Previous studies have found a similar tendency to report positive results in a wide variety of medications, and many researchers have questioned the supposed effectiveness of antidepressants. But this new analysis, which reviewed data from 74 trials with 12 different drugs, is the most thorough to date.

And it documents a large difference: while 94% of studies with positive results became public, only 14% of those with disappointing or uncertain results were succeeded.

The findings probably will fuel the continued debate about how information about drug trials is reported. In 2004, after revelations that negative findings from antidepressant clinical studies were not published, a group of leading journals agreed to stop publishing clinical trials that were not registered in a public database.

trade groups representing major global pharmaceutical companies announced that their members would begin to spread more information about their studies faster, on its own database:
www.clinicalstudyresults.org . And last year, Congress gave current legislation that expands the types of clinical trials and the depth of information that must be reported to www.clinicaltrials.gov, a public database operated by the National Library of Medicine that country.

The website of the Food and Drug Administration (FDA), United States, provides limited access to recent reviews of clinical trials, but critics say it is mur difficult to "navigate."

safely prescribe

"This is a very important study for two reasons," said Dr. Jeffrey M. Drazen, editor in chief The New England Journal of Medicine -. The first is that when you prescribe a drug, you want to be sure you have the best possible information, one would not do if you only knew a third of the truth about a drug. "

Second, Dr.
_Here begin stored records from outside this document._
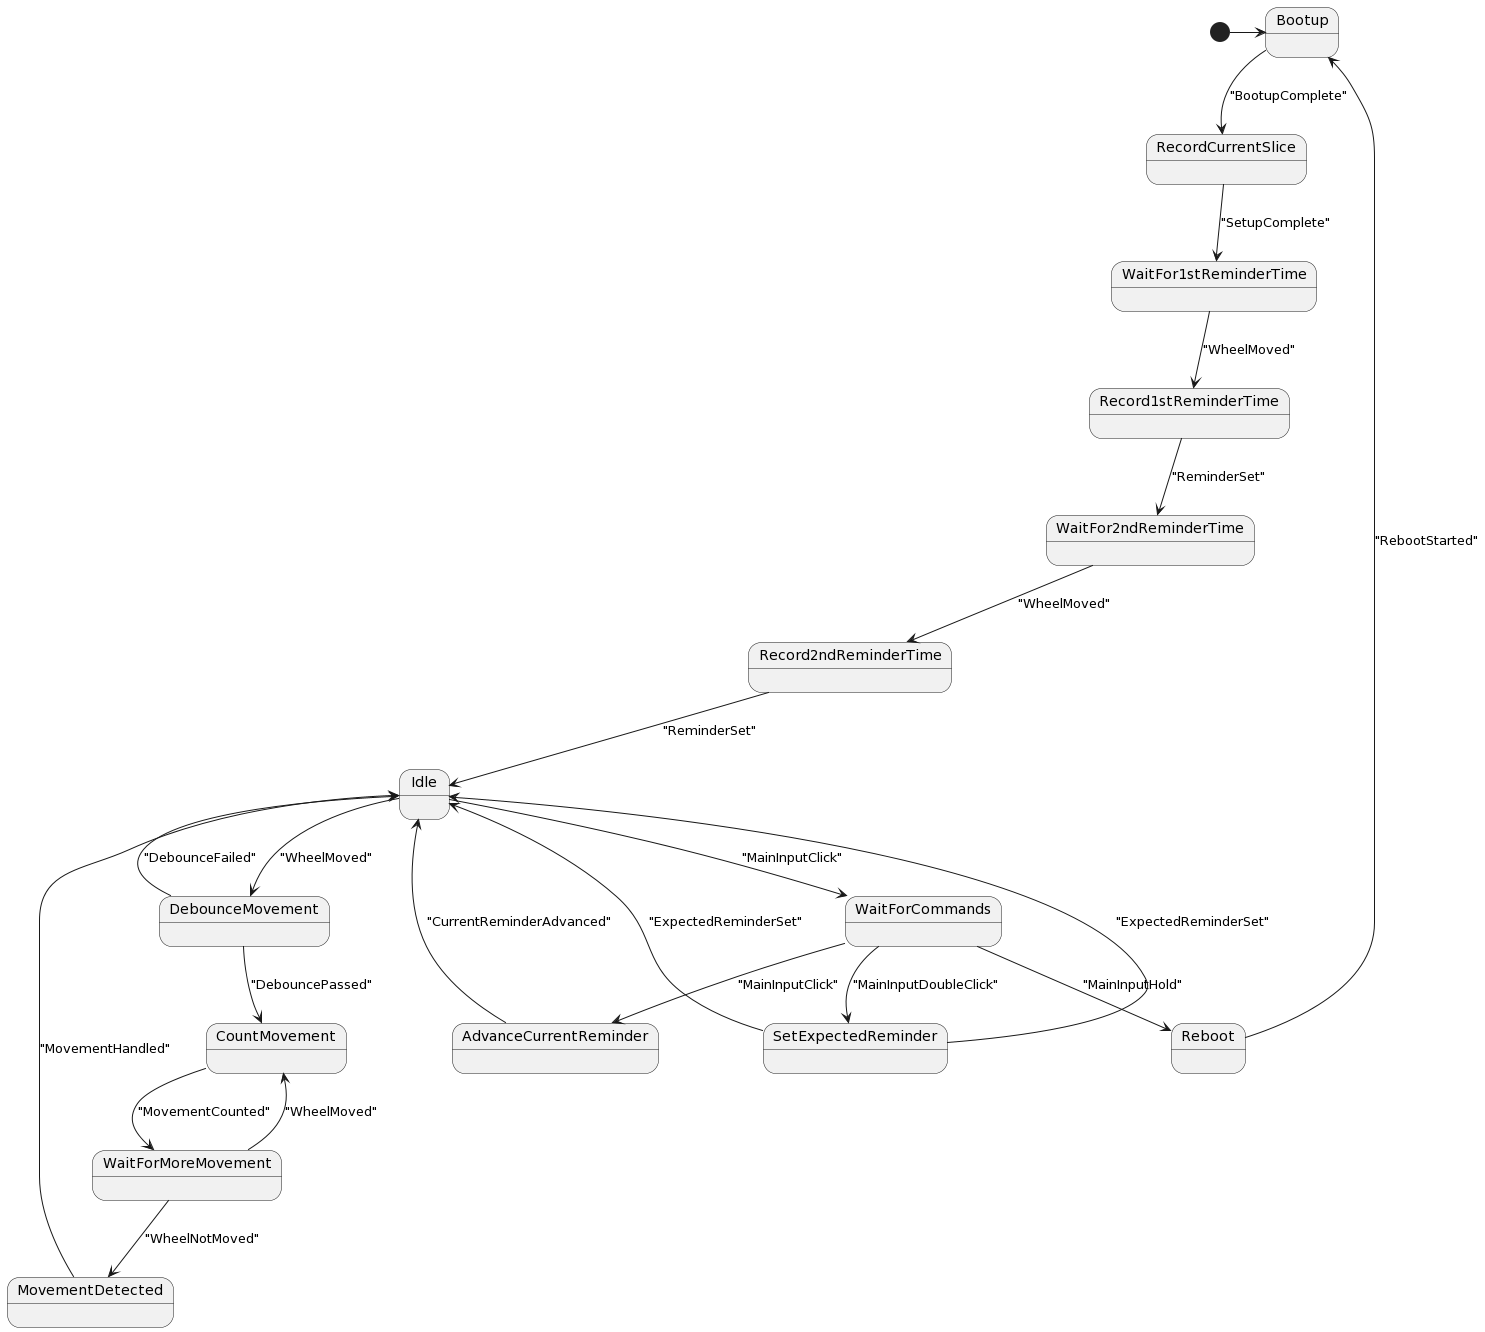

The diagram above was rendered by PlantUML. Its source (embedded in the PNG):
@startuml
[*] -> Bootup
state AdvanceCurrentReminder
state Idle
state MovementDetected
state WaitForCommands
state Reboot
state WaitForMoreMovement
state CountMovement
state Bootup
state WaitFor1stReminderTime
state RecordCurrentSlice
state Record1stReminderTime
state DebounceMovement
state WaitFor2ndReminderTime
state Record2ndReminderTime
state SetExpectedReminder

AdvanceCurrentReminder --> Idle : "CurrentReminderAdvanced"
    
Idle --> DebounceMovement : "WheelMoved"
    
Idle --> WaitForCommands : "MainInputClick"
    
MovementDetected --> Idle : "MovementHandled"
    
WaitForCommands --> SetExpectedReminder : "MainInputDoubleClick"
    
WaitForCommands --> AdvanceCurrentReminder : "MainInputClick"
    
WaitForCommands --> Reboot : "MainInputHold"
    
Reboot --> Bootup : "RebootStarted"
    
WaitForMoreMovement --> CountMovement : "WheelMoved"
    
WaitForMoreMovement --> MovementDetected : "WheelNotMoved"
    
CountMovement --> WaitForMoreMovement : "MovementCounted"
    
Bootup --> RecordCurrentSlice : "BootupComplete"
    
WaitFor1stReminderTime --> Record1stReminderTime : "WheelMoved"
    
RecordCurrentSlice --> WaitFor1stReminderTime : "SetupComplete"
    
Record1stReminderTime --> WaitFor2ndReminderTime : "ReminderSet"
    
DebounceMovement --> CountMovement : "DebouncePassed"
    
DebounceMovement --> Idle : "DebounceFailed"
    
WaitFor2ndReminderTime --> Record2ndReminderTime : "WheelMoved"
    
Record2ndReminderTime --> Idle : "ReminderSet"
    
SetExpectedReminder --> Idle : "ExpectedReminderSet"
    
SetExpectedReminder --> Idle : "ExpectedReminderSet"
@enduml

Drazen continued, is that "we must be respectful of people who participate in a clinical trial.

" They assume some risk when entering the study, "and then the drug company hides the data?" he asked. "This kind of thing do we take issue with passion. "

Alan Goldhammer, vice president of regulatory affairs for Pharmaceutical Research and Manufacturers of America, which represents American drug companies, said the new study does not mention that industry and government have taken steps to ensure that information from clinical trials more transparent.

"All this is based on information prior to 2004, and since then we killed the myth that companies have something to hide," Goldhammer said.

In the study, researchers identified all antidepressant clinical trials submitted to the FDA between 1987 and 2004. The studies involved 12,564 patients for testing drugs like Prozac (fluoxetine), Eli Lilly, Zoloft (sertraline), Pfizer and Effexor (venlafaxine), of Wyeth.
The researchers obtained unpublished data from more recently approved drugs through the FDA website. For older drugs, tracked hard copies of unpublished studies through colleagues, or taking advantage of the law on freedom of information. After all studies contrasted with databases of published studies, and also wrote to ask whether a particular drug study had been published.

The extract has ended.